2. Nach den neuesten Erkenntnissen des Auswärtigen Amtes ist nicht auszuschließen, dass bereits die passive Mitgliedschaft oder die vereinzelte Teilnahme an Demonstrationen genügt, um eine Person in den Augen der iranischen Behörden als regimekritisch erscheinen zu lassen. Bei einfachen Mitgliedern und untergeordneten Tätigkeiten für oppositionelle Gruppen muss für die Begründung einer beachtlichen Verfolgungswahrscheinlichkeit jedoch hinzutreten, dass die Person derart an die Öffentlichkeit getreten ist, dass sie mit beachtlicher Wahrscheinlichkeit von den iranischen Behörden erkannt und identifiziert worden ist.
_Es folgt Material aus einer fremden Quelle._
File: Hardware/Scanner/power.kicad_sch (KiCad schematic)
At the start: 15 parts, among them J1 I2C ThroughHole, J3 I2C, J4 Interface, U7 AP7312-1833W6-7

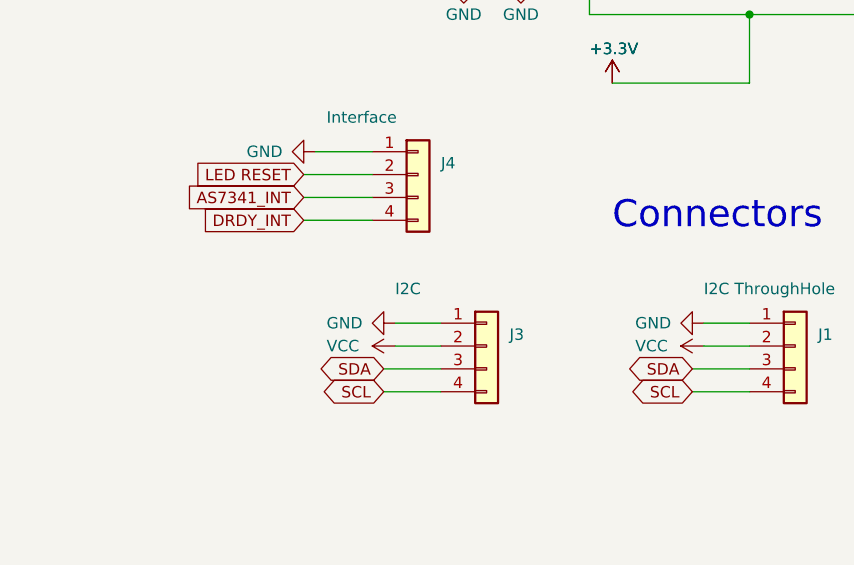
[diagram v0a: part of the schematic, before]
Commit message: added footprint for MTSM2601SMF1-100
Signed-off-by: lokimetasmith <lokimail@gmail.com>
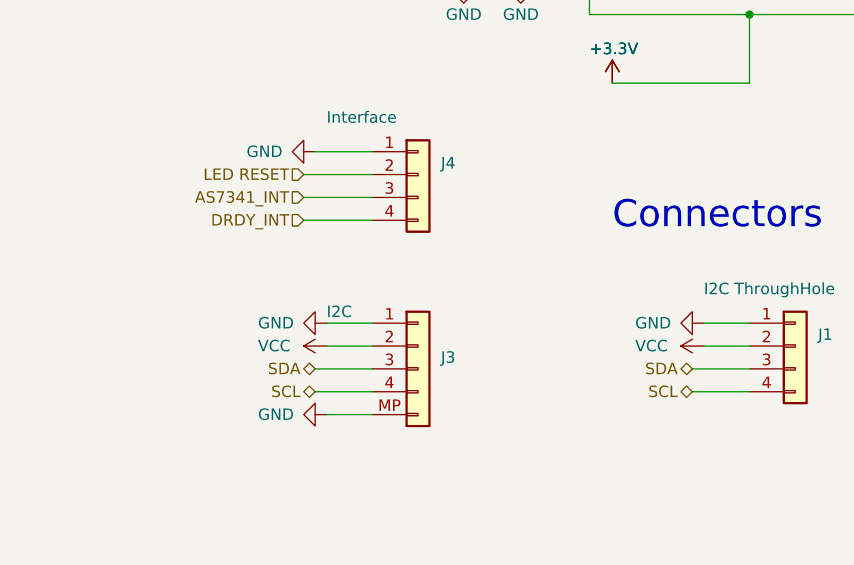
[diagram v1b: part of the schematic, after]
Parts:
- J3: symbol Connector_Generic:Conn_01x04 -> Connector_Generic:Conn_01x05
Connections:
- net GND: now also J3.MP (Pin_5)

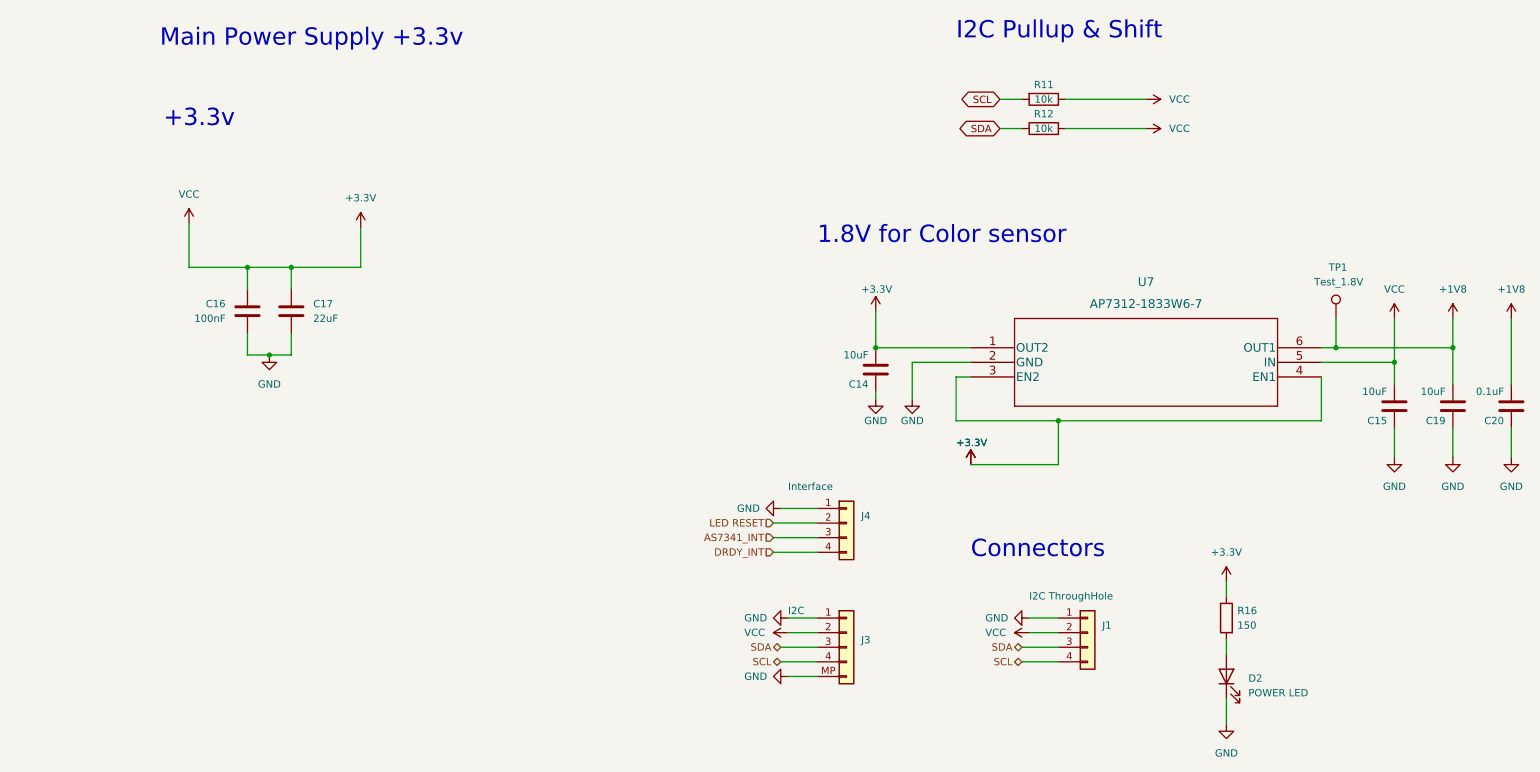
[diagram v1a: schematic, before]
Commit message: lots of changes, added footprints, fixed broken schemaitcs, fixed kicad 7.0 issues
Signed-off-by: lokimetasmith <lokimail@gmail.com>
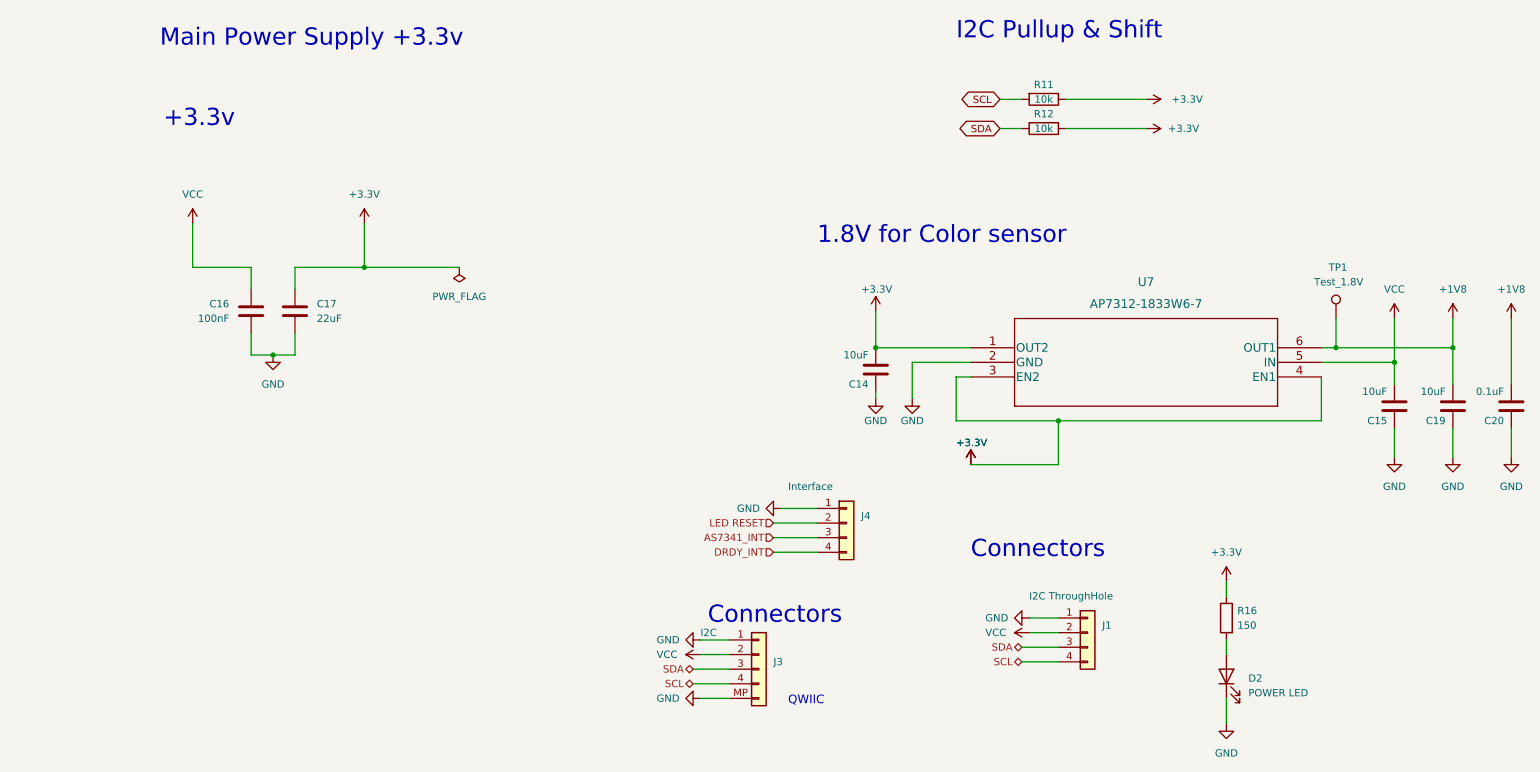
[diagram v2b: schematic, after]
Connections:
- net +3V3 renamed +3.3V
- net +3.3V: no longer C15.2, C16.2, J1.2 (Pin_2), J3.2 (Pin_2), U7.5 (IN)
- new net VCC: C15.2, C16.2, J1.2 (Pin_2), J3.2 (Pin_2), U7.5 (IN)
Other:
- note added: "QWIIC"
- moved on the sheet: C16, C17, J3

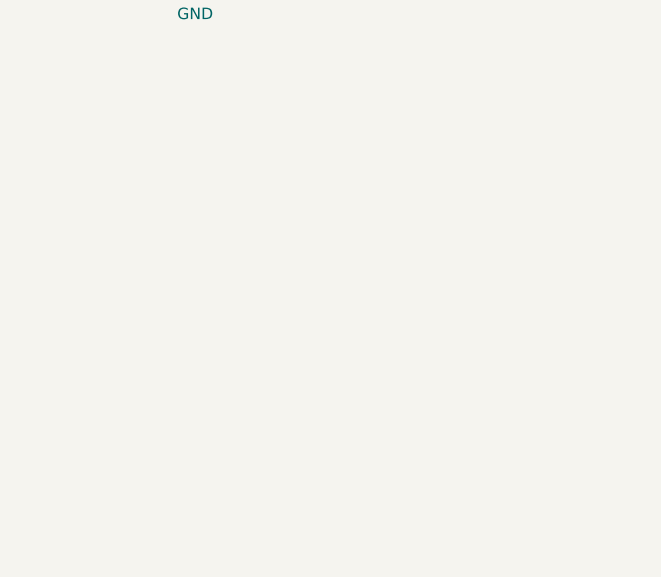
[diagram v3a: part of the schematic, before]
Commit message: added options for using internal adc, external adc, or 3.3v
Signed-off-by: lokimetasmith <lokimail@gmail.com>
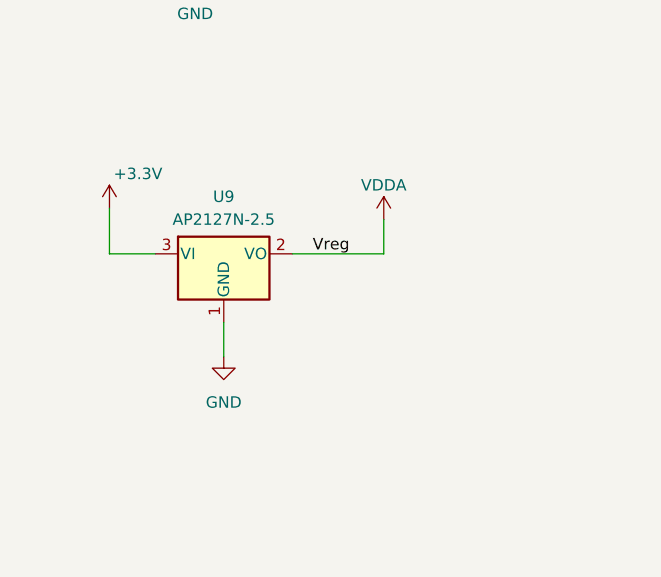
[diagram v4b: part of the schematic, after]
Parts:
- added U9: AP2127N-2.5, Package_TO_SOT_SMD:SOT-23, symbol Regulator_Linear:AP2127N-2.5
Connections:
- net +3.3V: now also U9.3 (VI)
- net GND: now also U9.1 (GND)
- new net VDDA: U9.2 (VO)
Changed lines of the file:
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@@
+    (stroke (width 0) (type default))
+  )
+  (wire (pts (xy 45.72 123.19) (xy 50.8 123.19))
     (stroke (width 0) (type default))
   )
@@
     (stroke (width 0) (type default))
   )
+  (wire (pts (xy 45.72 118.11) (xy 45.72 123.19))
+    (stroke (width 0) (type default))
+  )
   (wire (pts (xy 270.51 104.14) (xy 270.51 109.22))
     (stroke (width 0) (type default))
@@
     (stroke (width 0) (type default))
   )
+  (wire (pts (xy 66.04 123.19) (xy 76.2 123.19))
+    (stroke (width 0) (type default))
+  )
   (wire (pts (xy 173.99 102.87) (xy 173.99 95.25))
     (stroke (width 0) (type default))
@@
   )
   (wire (pts (xy 129.54 143.51) (xy 134.62 143.51))
+    (stroke (width 0) (type default))
+  )
+  (wire (pts (xy 58.42 130.81) (xy 58.42 134.62))
+    (stroke (width 0) (type default))
+  )
+  (wire (pts (xy 76.2 123.19) (xy 76.2 119.38))
     (stroke (width 0) (type default))
   )
@@
   (text "I2C Pullup & Shift\n" (at 173.99 36.83 0)
     (effects (font (size 3 3)) (justify left bottom))
+  )
+  (label "Vreg" (at 72.39 123.19 180) (fields_autoplaced)
+    (effects (font (size 1.27 1.27)) (justify right bottom))
   )
   (global_label "SCL" (shape bidirectional) (at 181.61 46.99 180) (fields_autoplaced)
@@
     )
   )
+  (symbol (lib_id "Regulator_Linear:AP2127N-2.5") (at 58.42 123.19 0) (unit 1)
+    (in_bom yes) (on_board yes) (dnp no) (fields_autoplaced)
+    (property "Reference" "U9" (at 58.42 116.84 0)
+      (effects (font (size 1.27 1.27)))
+    )
+    (property "Value" "AP2127N-2.5" (at 58.42 119.38 0)
+      (effects (font (size 1.27 1.27)))
+    )
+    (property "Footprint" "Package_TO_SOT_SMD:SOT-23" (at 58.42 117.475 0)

3. Trägt eine Person substantiiert vor, exilpolitisch tätig gewesen zu sein, ist im Hinblick auf die veränderte Auskunftslage von einer veränderten Sachlage gemäß § 71 Abs. 1 AsylG i.V.m. § 51 Abs. 1 Nr. 1 VwVfG auszugehen und ein erneutes Asylverfahren durchzuführen.

4. Bei Prüfung der Zulässigkeit eines Folgeantrags ist § 28 Abs. 2 AsylG nicht zu beachten. Danach kann die Flüchtlingseigenschaft im Folgeverfahren regelmäßig nicht wegen selbst geschaffener Umstände (subjektiver Nachfluchtgründe) zuerkannt werden. Diese Frage wird erst im Rahmen der Prüfung der Begründetheit des Asylantrags relevant. Im Übrigen handelt es sich bei der veränderten Sachlage im Iran nicht um einen subjektiven Nachfluchtgrund.

(Leitsätze der Redaktion; siehe auch: VG Ansbach, Urteil vom 08.09.2022 - AN 4 K 17.34396 (Asylmagazin 12/2022, S. 397) - asyl.net: M31008)

Schlagwörter: Iran, Exilpolitik, Konvertiten, Asylfolgeantrag, politische Verfolgung, Geheimdienst, Überwachung, Demonstration, subjektive Nachfluchtgründe, Nachfluchtgründe,
Normen: AsylG § 3 Abs. 1, AsylG § 3b Abs. 1 Nr. 5, AsylG § 71 Abs. 1, VwVfG § 51 Abs. 1 Nr. 1, AsylG § 28 Abs. 2
Auszüge:

[...]

Die dem ursprünglichen Verwaltungsakt zugrundeliegende Sachlage hat sich aufgrund einer geänderten Erkenntnislage zur Bedrohungssituation von Rückkehrern und der von dem Kläger im Folgeverfahren substantiiert vorgetragenen exilpolitischen Betätigung im Sinne des § 71 AsylG i.V.m. § 51 Abs. 1 Nr. 1 VwVfG nachträglich zu seinen Gunsten geändert, so dass für den Kläger ein (weiteres) Asylverfahren durchzuführen ist.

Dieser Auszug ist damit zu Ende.